Cette approche s’écarte de l’esprit du mandat initial confié par le Congrès aux National Academies of Sciences, Engineering, and Medicine (NASEM), lequel exigeait une évaluation scientifique équilibrée et rigoureuse du rôle de l’alcool dans le cadre des Dietary Guidelines for Americans. Or, selon les conclusions de la commission d’enquête, l’étude de l’ICCPUD s’est révélée redondante, inutile et potentiellement biaisée.
L’enjeu ne se limite pas à la validité scientifique des recommandations alimentaires : il touche aussi au principe fondamental de la liberté individuelle.
Pour une grande partie de la population, l’alcool n’est pas un simple produit de consommation – mais un élément central des traditions sociales, des interactions culturelles et des moments de convivialité, qu’il s’agisse de repas en famille ou entre amis. Une consommation excessive est indéniablement nocive, comme pour toute substance, mais l’interdiction implicite ou la stigmatisation encouragée par une étude partiale risque de transformer une culture vivante en une société de plus en plus répressive.
Plus inquiétant encore, lorsque ce type de recherches sert de base à des politiques publiques, elle finit par justifier des restrictions qui dépassent largement le raisonnable : taxation excessive, interdictions publicitaires, étiquetage alarmiste, voire limitations arbitraires de la quantité de consommation jugée « acceptable ».
Nous sommes alors confrontés à une forme insidieuse de moralisation par l’État, dans laquelle un militantisme anti-alcool financé par des fonds publics transforme un comportement personnel en problème public majeur.
Il faut également rappeler que les activistes anti-alcool organisés en Amérique du Nord sont tout aussi actifs en Europe.
Dans le cadre de ma série de podcasts Fun Police, je me suis penché sur Movendi et sur son rôle aux Nations unies.
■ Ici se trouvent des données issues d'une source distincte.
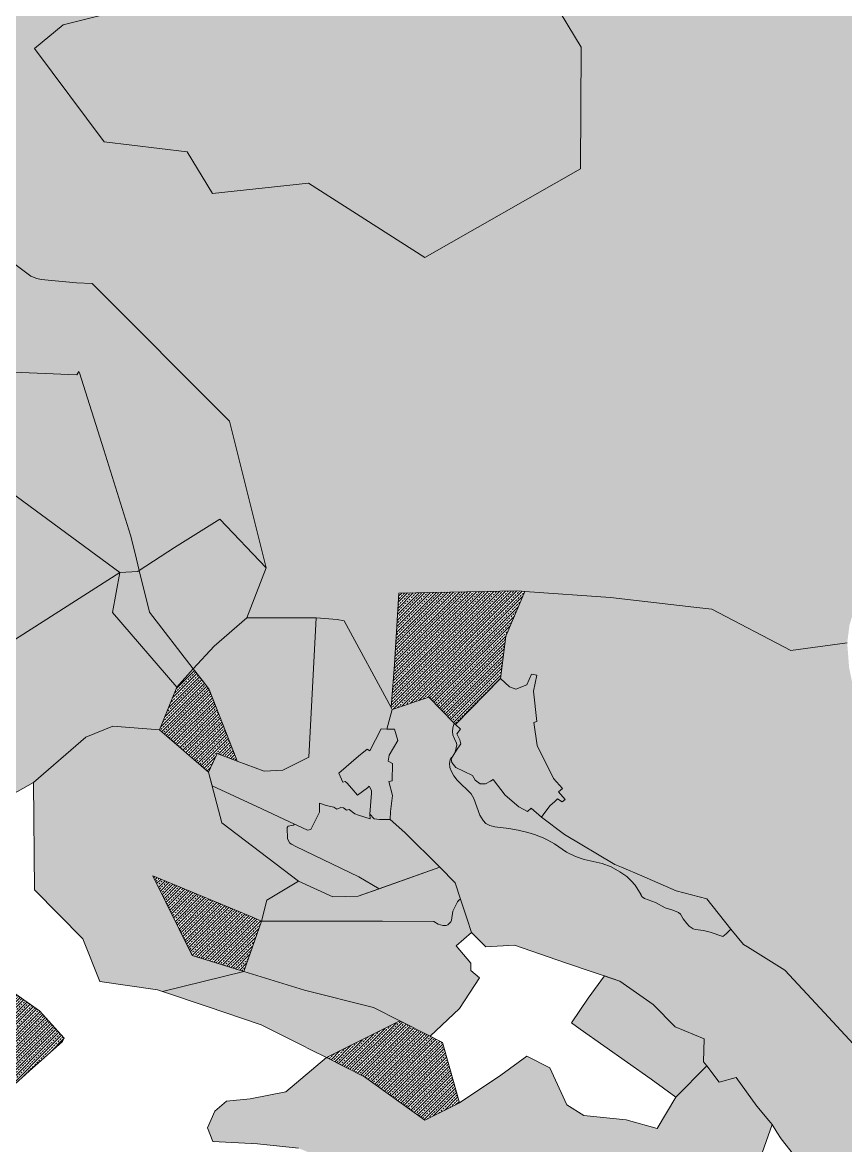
# Model space of a CAD drawing. Header units: metres. Extents: x 541853 to 549675, y 1832829 to 1845715.
# Drawn here: x 547395 to 547910, y 1839769 to 1840471 of the extents above; entities that cross this region are included whole.
import ezdxf

# ---------------------------------------------------------------- set-up
doc = ezdxf.new("R2010")
doc.units = ezdxf.units.M
doc.header["$MEASUREMENT"] = 0
doc.layers.add('1', color=7, linetype='Continuous', lineweight=0)

msp = doc.modelspace()

# ---------------------------------------------------------------- hatches: boundary and pattern name
at = {"layer": '1', "linetype": 'Continuous', "lineweight": 0}
h = msp.add_hatch(color=43, dxfattribs=at)
h.paths.add_polyline_path([(547625.85, 1840042.635), (547596.45, 1840096.725), (547592.13, 1840097.535), (547579.02, 1840098.615), (547535.67, 1840098.57), (547547.64, 1840129.86), (547524.81, 1840221.555), (547438.86, 1840307.535), (547429.02, 1840307.955), (547407.06, 1840310.085), (547404.33, 1840310.625), (547400.58, 1840312.08), (547381.41, 1840326.615), (547373.7, 1840334.07), (547356.84, 1840350.435), (547361.79, 1840353.78), (547369.44, 1840362), (547375.26, 1840368.255), (547385.49, 1840383.225), (547387.98, 1840402.215), (547388.49, 1840418.19), (547381.98, 1840442.145), (547378.5, 1840460.625), (547381.5, 1840482.6), (547394.46, 1840508.055), (547415.91, 1840527.03), (547450.35, 1840544.01), (547497.27, 1840564.98), (547581.12, 1840605.99), (547592.13, 1840608.66), (547617.69, 1840624.335), (547647.33, 1840640.985), (547663.62, 1840642.725), (547684.74, 1840643.34), (547695.15, 1840642.755), (547702.83, 1840640.295), (547713.03, 1840634.655), (547721.7, 1840619.295), (547735.92, 1840594.275), (547750.02, 1840575.975), (547758.96, 1840562.94), (547767.51, 1840558.665), (547787.46, 1840554.675), (547801.14, 1840554.3), (547810.41, 1840551.315), (547815.81, 1840547.82), (547828.14, 1840535.505), (547840.2, 1840526.25), (547857.03, 1840518.795), (547888.2, 1840506.255), (547924.08, 1840494.285), (547927.74, 1840493.685), (547930.98, 1840493.775), (547935.12, 1840495.23), (547954.83, 1840481.025), (547964.88, 1840472.925), (547973.97, 1840465.305), (547984.02, 1840456.725), (547989.42, 1840451.325), (547994.58, 1840445.415), (547996.77, 1840440.765), (547998.51, 1840433.76), (547998.96, 1840426.665), (547997.58, 1840417.95), (547992.3, 1840407.165), (547989.09, 1840395.705), (547987.74, 1840387.695), (547988.64, 1840326.705), (547987.68, 1840297.455), (547986.72, 1840278.06), (547986.72, 1840263.435), (547988.07, 1840243.35), (547988.58, 1840239.24), (547989.09, 1840234.86), (547988.34, 1840230.75), (547987.05, 1840226.895), (547978.83, 1840215.315), (547963.65, 1840192.425), (547929.99, 1840140.225), (547925.13, 1840129.305), (547918.68, 1840114.635), (547912.5, 1840094.1), (547911.06, 1840082.955), (547875.81, 1840078.275), (547826.49, 1840103.955), (547815.18, 1840105.275), (547763.01, 1840111.395), (547709.43, 1840115.115), (547704.93, 1840115.43), (547630.62, 1840114.08), (547627.92, 1840069.545)])
h.paths.add_polyline_path([(547646.91, 1840323.93), (547574.19, 1840370.37), (547514.16, 1840363.755), (547498.32, 1840389.855), (547446.39, 1840396.17), (547402.74, 1840454.445), (547420.83, 1840469.325), (547471.92, 1840482.015), (547534.86, 1840476.615), (547587.09, 1840512.285), (547582.26, 1840538.31), (547599.33, 1840552.2), (547657.56, 1840587.855), (547659.57, 1840587.825), (547693.71, 1840611.615), (547697.55, 1840588.605), (547720.35, 1840553.445), (547710.09, 1840512.51), (547744.71, 1840455.3), (547744.26, 1840379.325)], flags=16)
h = msp.add_hatch(dxfattribs=at)
h.set_pattern_fill('ANSI33', color=188, scale=10, style=0)
h.paths.add_polyline_path([(547646.91, 1840323.93), (547574.19, 1840370.37), (547514.16, 1840363.755), (547498.32, 1840389.855), (547446.39, 1840396.17), (547402.74, 1840454.445), (547420.83, 1840469.325), (547471.92, 1840482.015), (547534.86, 1840476.615), (547587.09, 1840512.285), (547582.26, 1840538.31), (547599.33, 1840552.2), (547657.56, 1840587.855), (547659.57, 1840587.825), (547693.71, 1840611.615), (547697.55, 1840588.605), (547720.35, 1840553.445), (547710.09, 1840512.51), (547744.71, 1840455.3), (547744.26, 1840379.325)])
for color, points in [(43, [(547468.32, 1840128.18), (547465.71, 1840138.905), (547462.92, 1840150.305), (547446.09, 1840203.6), (547430.94, 1840251.735), (547430.64, 1840252.56), (547429.23, 1840250.445), (547384.65, 1840252.455), (547352.25, 1840259.385), (547351.77, 1840306.815), (547327.65, 1840326.945), (547301.97, 1840353.255), (547285.38, 1840358.46), (547283.25, 1840360.815), (547287.42, 1840363.755), (547293.42, 1840364.505), (547306.65, 1840362.015), (547331.85, 1840348.785), (547345.56, 1840346.79), (547353.3, 1840348.035), (547356.84, 1840350.435), (547373.7, 1840334.07), (547381.41, 1840326.615), (547400.58, 1840312.08), (547404.33, 1840310.625), (547407.06, 1840310.085), (547429.02, 1840307.955), (547438.86, 1840307.535), (547524.81, 1840221.555), (547547.64, 1840129.86), (547518.63, 1840160.385), (547490.46, 1840142.625)]), (43, [(547456.26, 1840126.905), (547377, 1840185), (547352.31, 1840255.455), (547352.25, 1840259.385), (547384.65, 1840252.455), (547429.23, 1840250.445), (547430.64, 1840252.56), (547430.94, 1840251.735), (547446.09, 1840203.6), (547462.92, 1840150.305), (547465.71, 1840138.905), (547468.32, 1840128.18), (547467.42, 1840127.595)]), (53, [(547253.22, 1840015.755), (547254.81, 1840016.355), (547257.93, 1840017.9), (547259.85, 1840019.115), (547261.26, 1840020.375), (547264.05, 1840024.26), (547266.21, 1840026.375), (547273.23, 1840030.605), (547276.8, 1840032.495), (547288.14, 1840037.295), (547290.12, 1840038.33), (547292.4, 1840040.145), (547294.53, 1840042.215), (547295.22, 1840043.13), (547244.25, 1840051.74), (547260.96, 1840077.315), (547263.09, 1840100.655), (547319.1, 1840120.485), (547319.37, 1840162.695), (547326.42, 1840184.805), (547335.15, 1840185.405), (547348.89, 1840245.435), (547352.31, 1840255.455), (547377, 1840185), (547456.26, 1840126.905), (547360.02, 1840065.63), (547323.45, 1840020.06), (547301.37, 1840021.185), (547259.88, 1840015.755)]), (252, [(547502.16, 1840066.725), (547474.65, 1840102.185), (547468.32, 1840128.18), (547490.46, 1840142.625), (547518.63, 1840160.385), (547547.64, 1840129.86), (547535.67, 1840098.57), (547515.15, 1840081.005)]), (43, [(547318.62, 1839959.745), (547319.16, 1839966.36), (547321.74, 1839968.655), (547323.72, 1839970.92), (547323.66, 1839972.225), (547322.94, 1839973.605), (547321.23, 1839975.81), (547320, 1839977.04), (547323.45, 1840020.06), (547360.02, 1840065.63), (547456.26, 1840126.905), (547451.55, 1840102.035), (547491.78, 1840055.325), (547480.95, 1840028.535), (547451.88, 1840031.01), (547435.02, 1840024.11), (547402.11, 1839995.76), (547365.33, 1839975.075)]), (43, [(547491.78, 1840055.325), (547451.55, 1840102.035), (547456.26, 1840126.905), (547467.42, 1840127.595), (547468.32, 1840128.18), (547474.65, 1840102.185), (547502.16, 1840066.725)]), (43, [(548128.59, 1839730.02), (548091.09, 1839739.245), (548068.83, 1839746.955), (548019.81, 1839787.245), (547959.15, 1839812.235), (547919.7, 1839828.495), (547917.57, 1839829.38), (547894.2, 1839854.73), (547872.12, 1839878.445), (547848.66, 1839892.905), (547846.14, 1839894.465), (547838.37, 1839904.125), (547823.28, 1839922.905), (547804.08, 1839928.065), (547782.66, 1839937.38), (547769.82, 1839942.705), (547765.68, 1839944.43), (547734.27, 1839963.165), (547719.93, 1839974.085), (547722, 1839976.89), (547725.36, 1839981.36), (547728.03, 1839983.715), (547729.83, 1839985.515), (547732.86, 1839983.535), (547734.66, 1839985.05), (547730.49, 1839989.865), (547733.1, 1839991.965), (547727.34, 1839998.19), (547717.26, 1840018.83), (547715.07, 1840033.215), (547716.87, 1840033.83), (547714.92, 1840052.85), (547717.05, 1840062.705), (547713.72, 1840063.515), (547710.66, 1840056.825), (547703.88, 1840053.96), (547699.92, 1840055.445), (547694.16, 1840060.815), (547697.61, 1840087.08), (547709.43, 1840115.115), (547763.01, 1840111.395), (547815.18, 1840105.275), (547826.49, 1840103.955), (547875.81, 1840078.275), (547911.06, 1840082.955), (547912.23, 1840067.7), (547916.91, 1840044.225), (547925.7, 1840025.16), (547935.09, 1840011.96), (547958.85, 1839995.535), (547988.73, 1839975.285), (548000.01, 1839968.115), (548013.51, 1839956.055), (548024.73, 1839945.825), (548033.64, 1839935.925), (548041.89, 1839920.07), (548049.15, 1839895.965), (548057.73, 1839869.895), (548066.94, 1839839.175), (548074.86, 1839804.525), (548078.49, 1839784.71), (548079.93, 1839777.465), (548079.99, 1839776.76), (548082.57, 1839763.35), (548084.25, 1839758.745), (548087.1, 1839755.55), (548088, 1839754.545), (548102.64, 1839752.04), (548113.11, 1839750.795), (548120.55, 1839748.23), (548121.45, 1839747.525), (548125.53, 1839744.405), (548128.89, 1839738.135), (548131.23, 1839730.92)]), (252, [(547546.53, 1840002.705), (547529.67, 1840009.14), (547528.77, 1840011.405), (547512.06, 1840053.93), (547508.46, 1840058.595), (547502.16, 1840066.725), (547515.15, 1840081.005), (547535.67, 1840098.57), (547579.02, 1840098.615), (547574.4, 1840011.615), (547558.11, 1840003.515)]), (252, [(547573.5, 1839965.865), (547566.81, 1839968.985), (547565.37, 1839969.66), (547541.82, 1839980.64), (547513.89, 1839993.66), (547511.58, 1840002.24), (547517.13, 1840013.925), (547529.67, 1840009.14), (547546.53, 1840002.705), (547558.11, 1840003.515), (547574.4, 1840011.615), (547579.02, 1840098.615), (547592.13, 1840097.535), (547596.45, 1840096.725), (547625.85, 1840042.635), (547626.51, 1840041.39), (547623.21, 1840029.135), (547619.61, 1840029.165), (547612.47, 1840015.515), (547610.97, 1840016.535), (547605.45, 1840012.155), (547593.06, 1840001.445), (547595.73, 1839995.985), (547597.2, 1839996.435), (547598.07, 1839995.445), (547601.28, 1839991.875), (547604.85, 1839987.735), (547611.06, 1839992.475), (547612.17, 1839993.33), (547613.67, 1839990.765), (547613.52, 1839989.025), (547612.44, 1839975.87), (547612.8, 1839973.02), (547605.39, 1839975.225), (547603.23, 1839976.125), (547599.51, 1839978.765), (547597.95, 1839978.435), (547595.97, 1839979.86), (547595.76, 1839979.875), (547594.41, 1839980.025), (547591.98, 1839979.095), (547590.09, 1839980.295), (547585.17, 1839981.3), (547581.03, 1839982.83), (547581.06, 1839977.205), (547575.69, 1839966.405)]), (43, [(547719.93, 1839974.085), (547713.36, 1839979.575), (547711.2, 1839977.655), (547705.71, 1839980.46), (547697.13, 1839987.81), (547689.72, 1839997.635), (547688.04, 1839996.6), (547684.92, 1839994.8), (547681.56, 1839994.815), (547678.47, 1839997.095), (547676.67, 1840000.065), (547666.26, 1840005.105), (547663.77, 1840008.255), (547663.38, 1840010.505), (547666.74, 1840015.935), (547669.47, 1840019.775), (547668.9, 1840022.475), (547666.92, 1840026.045), (547669.17, 1840029.135), (547666.14, 1840031.94), (547694.16, 1840060.815), (547699.92, 1840055.445), (547703.88, 1840053.96), (547710.66, 1840056.825), (547713.72, 1840063.515), (547717.05, 1840062.705), (547714.92, 1840052.85), (547716.87, 1840033.83), (547715.07, 1840033.215), (547717.26, 1840018.83), (547727.34, 1839998.19), (547733.1, 1839991.965), (547730.49, 1839989.865), (547734.66, 1839985.05), (547732.86, 1839983.535), (547729.83, 1839985.515), (547728.03, 1839983.715), (547725.36, 1839981.36), (547722, 1839976.89)]), (4, [(548075.28, 1839599.325), (548058.75, 1839614.925), (548047.59, 1839619.395), (548036.19, 1839640.605), (548015.19, 1839653.715), (548001.63, 1839662.175), (547992.33, 1839667.965), (547991.94, 1839668.205), (547991.76, 1839668.325), (547991.64, 1839668.4), (547991.61, 1839668.4), (547990.68, 1839667.215), (547982.88, 1839651.72), (547978.41, 1839644.22), (547976.76, 1839641.685), (547973.37, 1839641.835), (547980.57, 1839657.72), (547980.24, 1839666.735), (547963.77, 1839681.705), (547944.33, 1839694.065), (547941.78, 1839695.7), (547923.27, 1839706.23), (547916.55, 1839710.055), (547904.43, 1839716.37), (547900.47, 1839727.23), (547899.84, 1839728.985), (547897.08, 1839736.5), (547891.53, 1839750.135), (547885.05, 1839755.775), (547880.04, 1839760.125), (547879.8, 1839760.305), (547869.66, 1839772.935), (547866.99, 1839777.255), (547864.14, 1839781.875), (547861.98, 1839784.5), (547854.6, 1839793.365), (547841.67, 1839811.275), (547830.9, 1839808.515), (547823.25, 1839818.535), (547821.24, 1839821.16), (547821.54, 1839835.545), (547803.45, 1839842.94), (547789.8, 1839857.025), (547768.95, 1839871.545), (547734.99, 1839883.005), (547703.01, 1839894), (547685.01, 1839892.995), (547676.01, 1839901.995), (547673.34, 1839910.23), (547669.32, 1839922.74), (547665.99, 1839933), (547656.21, 1839942.69), (547634.34, 1839964.365), (547625.16, 1839972.66), (547625.52, 1839977.58), (547626.63, 1839987.675), (547624.44, 1839996.255), (547626.42, 1839996.735), (547626.63, 1840007.565), (547623.9, 1840008.975), (547624.53, 1840012.695), (547629.96, 1840021.935), (547627.95, 1840028.97), (547623.21, 1840029.135), (547626.51, 1840041.39), (547649.4, 1840049.115), (547665.24, 1840032.855), (547664.4, 1840029.855), (547664.25, 1840027.635), (547664.46, 1840025.46), (547665.39, 1840022.925), (547666.71, 1840020.33), (547666.89, 1840019.325), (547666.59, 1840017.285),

Movendi est une ancienne organisation prohibitionniste, autrefois connue sous le nom de The International Order of Good Templars (l’Ordre international des bons templiers). Ses membres doivent prêter serment de ne jamais consommer d’alcool. Les arguments religieux fondés sur la pureté morale n’ayant plus la même efficacité, Movendi et ses soutiens invoquent désormais la « santé publique » sous toutes ses formes pour tenter d’interdire l’alcool. Leur stratégie consiste à placer des « chercheurs » dans les rangs d’institutions reconnues afin de transformer leur idéologie en norme juridique.
Cette focalisation sur un modèle de « zéro alcool » ignore des décennies de recherches scientifiques montrant que la consommation modérée n’est pas nécessairement nocive et que ses effets dépendent largement du contexte, des habitudes individuelles et des facteurs génétiques.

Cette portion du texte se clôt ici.